Die index.php ist defintiv drin und wenn ich sie direkt aufrufe, wird sie auch geladen. Es betrifft nicht alle Domains oder Subdomains. Ich kann nicht feststellen, warum es bei dem einen klappt und bei dem anderen nicht. Ich bin mir sehr sicher, dass die index.php's richtig programmiert sind, da sie bzw. die entsprechenden Seiten auf einem anderen Server problemlos liefen. Es ist halt sehr komisch, warum es bei der einen index Datei läuft und bei der anderen nicht. 

Habt ihr eine Lösung? Braucht ihr noch irgendwelche Infos?

MfG


----------



## fatmaddin2000 (15. Juli 2011)

Ich habe jetzt herausgefunden, dass es am Unterordner liegt. Also wenn ich die Index-PHP in den Root der jeweiligen Fomsin lege und diese nicht auf einen Unterordner redirecten lasse, wird die Index.php geladen.

Wie kann ich einstellen, dass egal wohin weitergeleitet wird die index.php geladen werden soll?


----------



## Till (16. Juli 2011)

Überprüf mal bitte, ob Du in irgendeinem der Unterordner eine .htaccess Datei hast, welche den Directory Index umkonfiguriert.

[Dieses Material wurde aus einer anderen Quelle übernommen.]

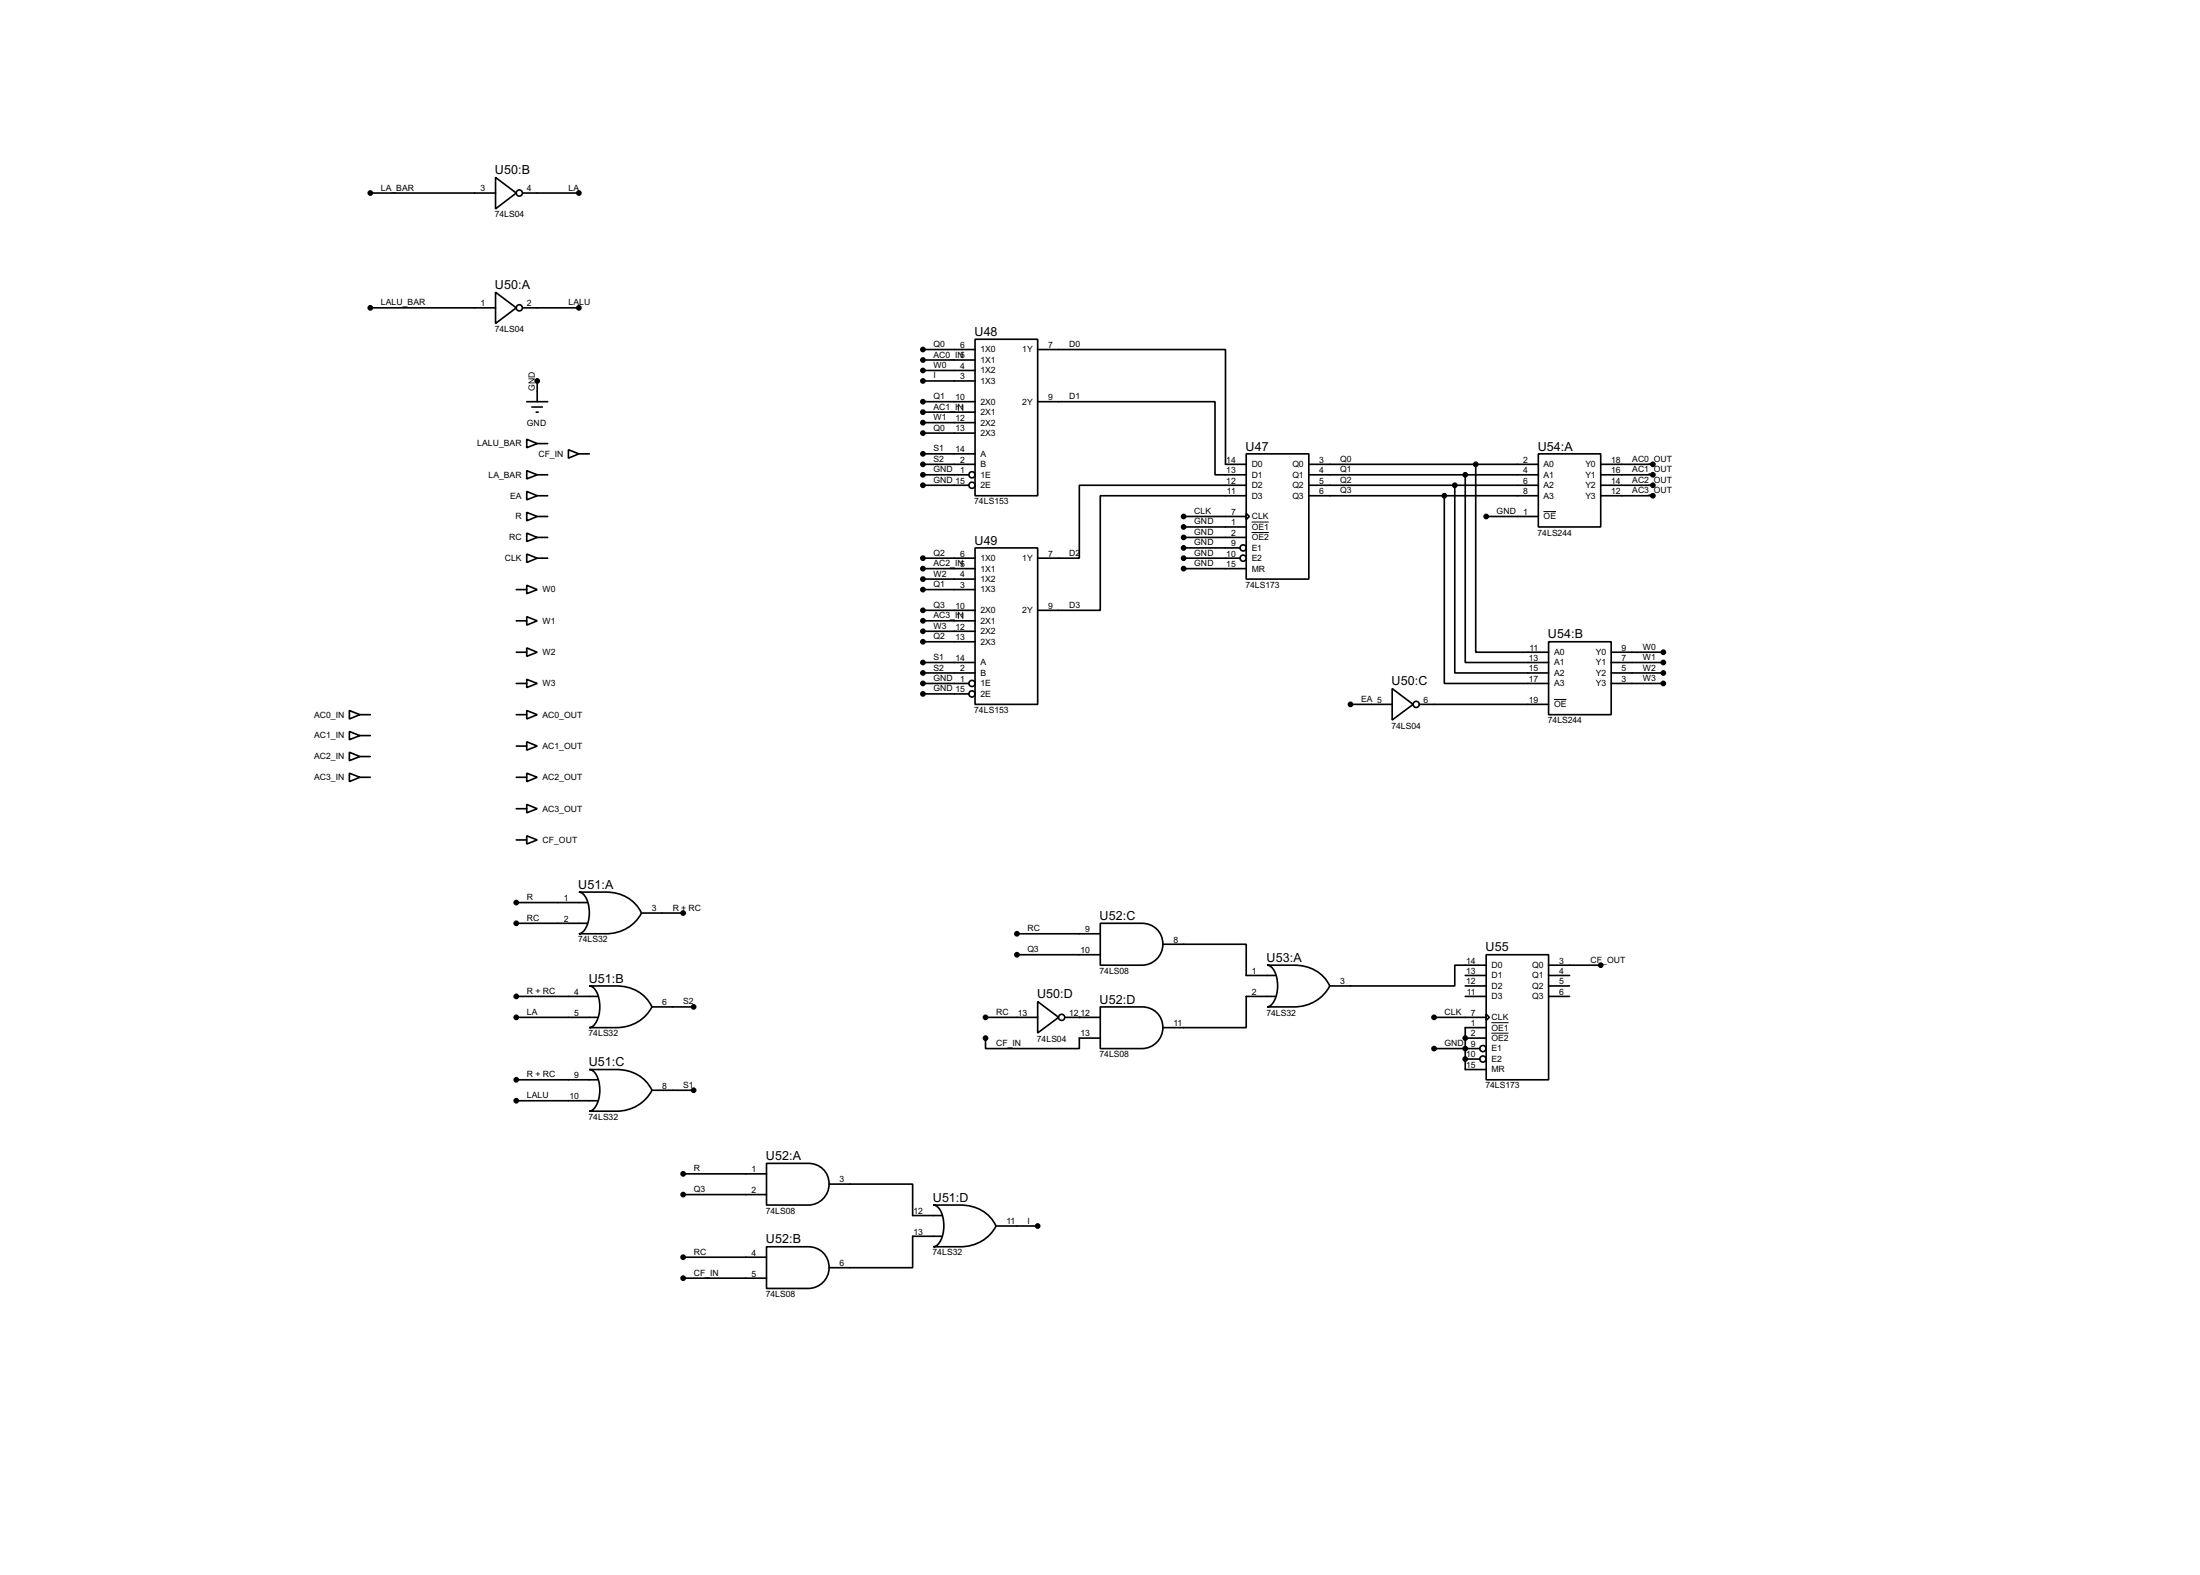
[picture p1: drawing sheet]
<svg xmlns="http://www.w3.org/2000/svg" width="536mm" height="383mm" viewBox="0 0 536 383" stroke-linecap="round" stroke-linejoin="round" font-family="sans-serif">
<g fill="none" stroke="#000" stroke-width=".4">
<path d="M90.2 47h30.5M120.7 43.2l5.1 3.8-5.1 3.9zM127.3 47h13.7M90.2 75h30.5M120.7 71.2l5.1 3.8-5.1 3.8zM127.3 75h13.7M128.3 97.8h5.1M129.6 99.1h2.5M130.9 92.8v5M224.8 85.1h12.7M224.8 87.7h12.7M224.8 90.2h12.7"/>
<path d="M224.8 92.8h12.7M224.8 97.8h12.7M237.5 82.6h15.3v38.1h-15.3zM252.8 85.1h45.7v28h5.1M252.8 97.8h43.2v17.8h7.6M128.3 107l2.6 1-2.6 1zM128.3 114.6l2.6 1-2.6 1zM128.3 119.7l2.6 1-2.6 1zM130.6 100.4h.5M130.9 115.6h2.5M130.9 108h2.5M138.5 109.5l2.5 1-2.5 1.1z"/>
<path d="M141 110.5h2.6M224.8 115.6h11.2M224.8 118.2h11.2M224.8 110.5h12.7M224.8 113.1h12.7M224.8 100.4h12.7M224.8 102.9h12.7M224.8 105.5h12.7M303.6 110.5h15.2v30.5h-15.2zM303.6 118.2h-40.7v17.7h-10.1M318.8 115.6h55.9M318.8 118.2h55.9"/>
<path d="M318.8 113.1h55.9M354.4 118.2v45.7h22.8M356.9 115.6v45.7h20.3M359.5 113.1v45.7h17.7M374.7 110.5h15.2v17.8h-15.2zM389.9 115.6h12.7M389.9 118.2h12.7M389.9 113.1h12.7M128.3 134.9l2.6 1-2.6 1.1zM128.3 124.8l2.6 1-2.6 1zM128.3 129.8l2.6 1.1-2.6 1zM130.9 125.8h2.5"/>
<path d="M130.9 130.9h2.5M130.9 135.9h2.5M130.9 120.7h2.5M224.8 135.9h12.7M224.8 138.5h12.7M237.5 133.4h15.3v38.1h-15.3zM288.3 125.8h15.3M288.3 128.3h15.3M288.3 130.9h15.3M288.3 133.4h13.8M288.3 135.9h13.8M288.3 138.5h15.3"/>
<path d="M303.6 125l.7 .8-.7 .7zM303.6 120.7h-35.6v27.9h-15.2M318.8 120.7h55.9M351.8 120.7v45.7h25.4M362 125.8h12.7M389.9 120.7h12.7M125.8 143.6h2.5M125.8 151.2h2.5M125.8 158.8h2.5M128.3 142.5l2.6 1.1-2.6 1zM128.3 150.2l2.6 1-2.6 1zM128.3 157.8l2.6 1-2.6 1z"/>
<path d="M224.8 141h12.7M224.8 143.6h12.7M224.8 148.6h12.7M224.8 151.2h12.7M224.8 153.7h12.7M224.8 156.3h12.7M377.2 156.3h15.3v17.7h-15.3zM392.5 158.8h12.7M85.1 173l2.6 1-2.6 1.1zM85.1 178.1l2.6 1-2.6 1zM87.7 174h2.5M87.7 179.1h2.5"/>
<path d="M125.8 166.4h2.5M125.8 174h2.5M128.3 165.4l2.6 1-2.6 1zM128.3 173l2.6 1-2.6 1.1zM224.8 166.4h11.2M224.8 169h11.2M224.8 161.3h12.7M224.8 163.9h12.7M329 171.5h10.1M339.1 167.7l5.1 3.8-5.1 3.8zM345.7 171.5h31.5M392.5 166.4h12.7"/>
<path d="M392.5 161.3h12.7M392.5 163.9h12.7M85.1 183.2l2.6 1-2.6 1zM85.1 188.3l2.6 1-2.6 1zM87.7 189.3h2.5M87.7 184.2h2.5M125.8 181.7h2.5M125.8 189.3h2.5M125.8 196.9h2.5M128.3 180.6l2.6 1.1-2.6 1zM128.3 188.3l2.6 1-2.6 1zM128.3 195.9l2.6 1-2.6 1z"/>
<path d="M125.8 219.8h17.3M125.8 204.5h2.5M128.3 203.5l2.6 1-2.6 1zM141 217.2h6.6a9.2 9.2 0 0 1 8.7 5.1 9.6 9.6 0 0 1-8.7 5.1h-6.6a3.5 3.5 0 0 0 2.3-3.2 7.3 7.3 0 0 0-1.4-6.6zM125.8 224.8h17.3M156.3 222.3h10.1M247.7 232.5h20.3M247.7 227.4h20.3M268 224.8h10.2a5.1 5.1 0 0 1 5.1 5.1 5.1 5.1 0 0 1-5.1 5.1h-10.2zM283.3 229.9h20.3v7.6h7.1M308.7 235h6.6a9.2 9.2 0 0 1 8.6 5.1 9.6 9.6 0 0 1-8.6 5.1h-6.6a3.5 3.5 0 0 0 2.3-3.2 7.2 7.2 0 0 0-1.4-6.6zM356.9 237.5h5.1"/>
<path d="M362 232.5h15.2v30.4h-15.2zM362 235h-7.6v5.1h-30.5M377.2 235h12.7M377.2 237.5h5.1M125.8 242.6h19.8M125.8 247.7h19.8M143.6 240.1h6.6a9.2 9.2 0 0 1 8.6 5.1 9.6 9.6 0 0 1-8.6 5h-6.6a3.5 3.5 0 0 0 2.3-3.1 7.3 7.3 0 0 0-1.4-6.7zM158.8 245.2h10.2M240.1 252.8v2.5h22.8v-2.5h5.1M240.1 247.7h12.7M252.8 243.9l5.1 3.8-5.1 3.8zM259.4 247.7h8.6"/>
<path d="M268 245.2h10.2a5.1 5.1 0 0 1 5.1 5 5.1 5.1 0 0 1-5.1 5.1h-10.2zM310.7 242.6h-7.1v7.6h-20.3M349.3 247.7h12.7M349.3 255.3h11.2M356.9 242.6h5.1M356.9 240.1h5.1M356.9 252.8h5.1M356.9 257.9h3.6M362 246.9l.8 .8-.8 .8zM362 250.2h-5.1v10.2h5.1M377.2 242.6h5.1M377.2 240.1h5.1"/>
<path d="M125.8 262.9h19.8M125.8 268h19.8M143.6 260.4h6.6a9.2 9.2 0 0 1 8.6 5.1 9.6 9.6 0 0 1-8.6 5.1h-6.6a3.5 3.5 0 0 0 2.3-3.2 7.2 7.2 0 0 0-1.4-6.6zM158.8 265.5h10.2M166.4 290.9h20.3M166.4 285.8h20.3M186.7 283.3h10.2a5.1 5.1 0 0 1 5.1 5 5.1 5.1 0 0 1-5.1 5.1h-10.2zM202 288.3h20.3v7.7h7.1M227.4 293.4h6.6a9.2 9.2 0 0 1 8.6 5.1 9.5 9.5 0 0 1-8.6 5.1h-6.6a3.4 3.4 0 0 0 2.3-3.2 7.4 7.4 0 0 0-1.4-6.6zM242.6 298.5h10.2M166.4 306.1h20.3M166.4 311.2h20.3"/>
<path d="M186.7 303.6h10.2a5.1 5.1 0 0 1 5.1 5 5.1 5.1 0 0 1-5.1 5.1h-10.2zM229.4 301h-7.1v7.7h-20.3"/>
<circle cx="126.5" cy="47" r=".75"/>
<circle cx="126.5" cy="75" r=".75"/>
<circle cx="236.7" cy="115.6" r=".75"/>
<circle cx="236.7" cy="118.2" r=".75"/>
<circle cx="302.8" cy="133.4" r=".75"/>
<circle cx="302.8" cy="135.9" r=".75"/>
<circle cx="236.7" cy="166.4" r=".75"/>
<circle cx="236.7" cy="169" r=".75"/>
<circle cx="344.9" cy="171.5" r=".75"/>
<circle cx="258.6" cy="247.7" r=".75"/>
<circle cx="361.2" cy="255.3" r=".75"/>
<circle cx="361.2" cy="257.9" r=".75"/>
</g>
<g fill="#000">
<circle cx="262.9" cy="247.7" r=".2"/>
<circle cx="356.9" cy="255.3" r=".2"/>
<circle cx="356.9" cy="257.9" r=".2"/>
<circle cx="356.9" cy="252.8" r=".2"/>
</g>
<g fill="#000" stroke="#000" stroke-width=".4">
<circle cx="90.2" cy="47" r=".5"/>
<circle cx="141" cy="47" r=".5"/>
<circle cx="90.2" cy="75" r=".5"/>
<circle cx="141" cy="75" r=".5"/>
<circle cx="130.8" cy="92.8" r=".5"/>
<circle cx="224.8" cy="87.7" r=".5"/>
<circle cx="224.8" cy="97.8" r=".5"/>
<circle cx="224.8" cy="90.2" r=".5"/>
<circle cx="224.8" cy="92.8" r=".5"/>
<circle cx="224.8" cy="85.1" r=".5"/>
<circle cx="224.8" cy="113.1" r=".5"/>
<circle cx="224.8" cy="110.5" r=".5"/>
<circle cx="224.8" cy="105.5" r=".5"/>
<circle cx="224.8" cy="115.6" r=".5"/>
<circle cx="224.8" cy="118.2" r=".5"/>
<circle cx="224.8" cy="102.9" r=".5"/>
<circle cx="224.8" cy="100.4" r=".5"/>
<circle cx="354.3" cy="118.2" r=".5"/>
<circle cx="356.9" cy="115.6" r=".5"/>
<circle cx="359.4" cy="113.1" r=".5"/>
<circle cx="402.6" cy="115.6" r=".5"/>
<circle cx="402.6" cy="118.2" r=".5"/>
<circle cx="402.6" cy="113.1" r=".5"/>
<circle cx="224.8" cy="135.9" r=".5"/>
<circle cx="224.8" cy="138.5" r=".5"/>
<circle cx="288.3" cy="135.9" r=".5"/>
<circle cx="288.3" cy="130.9" r=".5"/>
<circle cx="288.3" cy="138.5" r=".5"/>
<circle cx="288.3" cy="133.4" r=".5"/>
<circle cx="288.3" cy="125.8" r=".5"/>
<circle cx="288.3" cy="128.3" r=".5"/>
<circle cx="351.8" cy="120.7" r=".5"/>
<circle cx="362" cy="125.8" r=".5"/>
<circle cx="402.6" cy="120.7" r=".5"/>
<circle cx="224.8" cy="143.6" r=".5"/>
<circle cx="224.8" cy="153.7" r=".5"/>
<circle cx="224.8" cy="148.6" r=".5"/>
<circle cx="224.8" cy="156.3" r=".5"/>
<circle cx="224.8" cy="151.2" r=".5"/>
<circle cx="224.8" cy="141" r=".5"/>
<circle cx="405.1" cy="158.8" r=".5"/>
<circle cx="224.8" cy="161.3" r=".5"/>
<circle cx="224.8" cy="163.9" r=".5"/>
<circle cx="224.8" cy="169" r=".5"/>
<circle cx="224.8" cy="166.4" r=".5"/>
<circle cx="328.9" cy="171.5" r=".5"/>
<circle cx="405.1" cy="163.9" r=".5"/>
<circle cx="405.1" cy="161.3" r=".5"/>
<circle cx="405.1" cy="166.4" r=".5"/>
<circle cx="125.7" cy="219.8" r=".5"/>
<circle cx="125.7" cy="224.8" r=".5"/>
<circle cx="166.4" cy="222.3" r=".5"/>
<circle cx="247.7" cy="227.4" r=".5"/>
<circle cx="247.7" cy="232.5" r=".5"/>
<circle cx="389.9" cy="235" r=".5"/>
<circle cx="125.7" cy="242.6" r=".5"/>
<circle cx="125.7" cy="247.7" r=".5"/>
<circle cx="168.9" cy="245.2" r=".5"/>
<circle cx="240" cy="252.8" r=".5"/>
<circle cx="240" cy="247.7" r=".5"/>
<circle cx="349.3" cy="255.3" r=".5"/>
<circle cx="349.3" cy="247.7" r=".5"/>
<circle cx="356.9" cy="257.9" r=".5"/>
<circle cx="356.9" cy="255.3" r=".5"/>
<circle cx="356.9" cy="252.8" r=".5"/>
<circle cx="125.7" cy="268" r=".5"/>
<circle cx="125.7" cy="262.9" r=".5"/>
<circle cx="168.9" cy="265.5" r=".5"/>
<circle cx="166.4" cy="290.9" r=".5"/>
<circle cx="166.4" cy="285.8" r=".5"/>
<circle cx="252.7" cy="298.5" r=".5"/>
<circle cx="166.4" cy="306.1" r=".5"/>
<circle cx="166.4" cy="311.2" r=".5"/>
</g>
<path d="M304.9 127.1h4.2M304.9 129.7h4.2M376 124.6h3M378.5 170.3h3.1M363.3 249h4.2M363.3 251.6h4.2" fill="none" stroke="#000" stroke-width=".24"/>
<g font-size="3.4">
<text x="120.6" y="42.4">U50:B</text>
<text x="120.6" y="70.4">U50:A</text>
<text x="237.4" y="81.8">U48</text>
<text x="303.4" y="109.7">U47</text>
<text x="374.6" y="109.7">U54:A</text>
<text x="237.4" y="132.6">U49</text>
<text x="377.1" y="155.5">U54:B</text>
<text x="339" y="166.9">U50:C</text>
<text x="140.9" y="216.4">U51:A</text>
<text x="267.9" y="224">U52:C</text>
<text x="361.9" y="231.7">U55</text>
<text x="143.4" y="239.3">U51:B</text>
<text x="308.5" y="234.2">U53:A</text>
<text x="252.6" y="243.1">U50:D</text>
<text x="267.9" y="244.4">U52:D</text>
<text x="143.4" y="259.6">U51:C</text>
<text x="186.6" y="282.5">U52:A</text>
<text x="227.2" y="292.6">U51:D</text>
<text x="186.6" y="302.8">U52:B</text>
</g>
<g font-size="2.4">
<text x="92.8" y="46.4">LA_BAR</text>
<text x="117" y="46.6">3</text>
<text x="128.3" y="46.6">4</text>
<text x="138.5" y="46.4">LA</text>
<text x="120.5" y="52.9">74LS04</text>
<text x="92.8" y="74.4">LALU_BAR</text>
<text x="117" y="74.6">1</text>
<text x="128.3" y="74.6">2</text>
<text x="138.5" y="74.4">LALU</text>
<text x="120.5" y="80.8">74LS04</text>
<text x="227.4" y="84.5">Q0</text>
<text x="227.4" y="87.1">AC0_IN5</text>
<text x="227.4" y="89.6">W0</text>
<text x="233.9" y="84.7">6</text>
<text x="233.9" y="89.8">4</text>
<text x="238.8" y="85.8">1X0</text>
<text x="238.8" y="88.4">1X1</text>
<text x="249" y="85.8">1Y</text>
<text x="255.3" y="84.7">7</text>
<text x="260.4" y="84.5">D0</text>
<text x="130.3" y="95.3" transform="rotate(-90 130.3 95.3)">GND</text>
<text x="227.4" y="92.2">I</text>
<text x="233.9" y="92.4">3</text>
<text x="238.8" y="90.9">1X2</text>
<text x="238.8" y="93.5">1X3</text>
<text x="227.4" y="97.2">Q1</text>
<text x="227.4" y="99.8">AC1_I1N1</text>
<text x="232.7" y="97.4">10</text>
<text x="238.8" y="98.5">2X0</text>
<text x="238.8" y="101">2X1</text>
<text x="249" y="98.5">2Y</text>
<text x="255.3" y="97.4">9</text>
<text x="260.4" y="97.2">D1</text>
<text x="128.3" y="103.6">GND</text>
<text x="227.4" y="102.3">W1</text>
<text x="227.4" y="104.9">Q0</text>
<text x="232.7" y="102.5">12</text>
<text x="232.7" y="105.1">13</text>
<text x="238.8" y="103.6">2X2</text>
<text x="238.8" y="106.2">2X3</text>
<text x="116.2" y="108.7">LALU_BAR</text>
<text x="131.1" y="111.2">CF_IN</text>
<text x="227.4" y="109.9">S1</text>
<text x="227.4" y="112.5">S2</text>
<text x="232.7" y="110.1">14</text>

Und wie genau leitest Du denn um? Denn wenn Du von einer Umleitung in ISPConfig sprichts, dann handelt es sich um eine Verzeichnisumleitung und keine Umleitung auf eine Datei. Du musst als Umleitungsziel also ein Verzeichnis und nicht Dateinamen angeben.


----------



## fatmaddin2000 (16. Juli 2011)

Also da sind htaccess Files drin, aber die gleichen Files sind auf einem alten System auch gelaufen. 

Ich hab natürlich schon versucht die Dateien rauszunehmen. Bei der ein oder anderen Seite funktioniert's. Bei einigen anderen wird zwar die Hauptseite geladen, jedoch bei klick irgendeines internen Links kommt wieder die 404.


----------



## Till (16. Juli 2011)

Du kannst keine .htaccess Dateien in Verbindung mit Verzeichnisumleitungen verwenden, da es sich bei einer verzeichnisumleitung auch um eine apache rewrite Rule handelt, und apache dann durcheinaderkommen kann.

Am Besteb verwendest Du keine Verzeichnisumleitungen wenn es z.B. um subdomains geht sondern Du legst stattdessen eine neue Webseit für die Subdomain an, so wie es im ISPConfig Handbuch steht.


----------



## fatmaddin2000 (18. Juli 2011)

-herzlichen Dank. Hab das jetzt erst mal so gelöst.


----------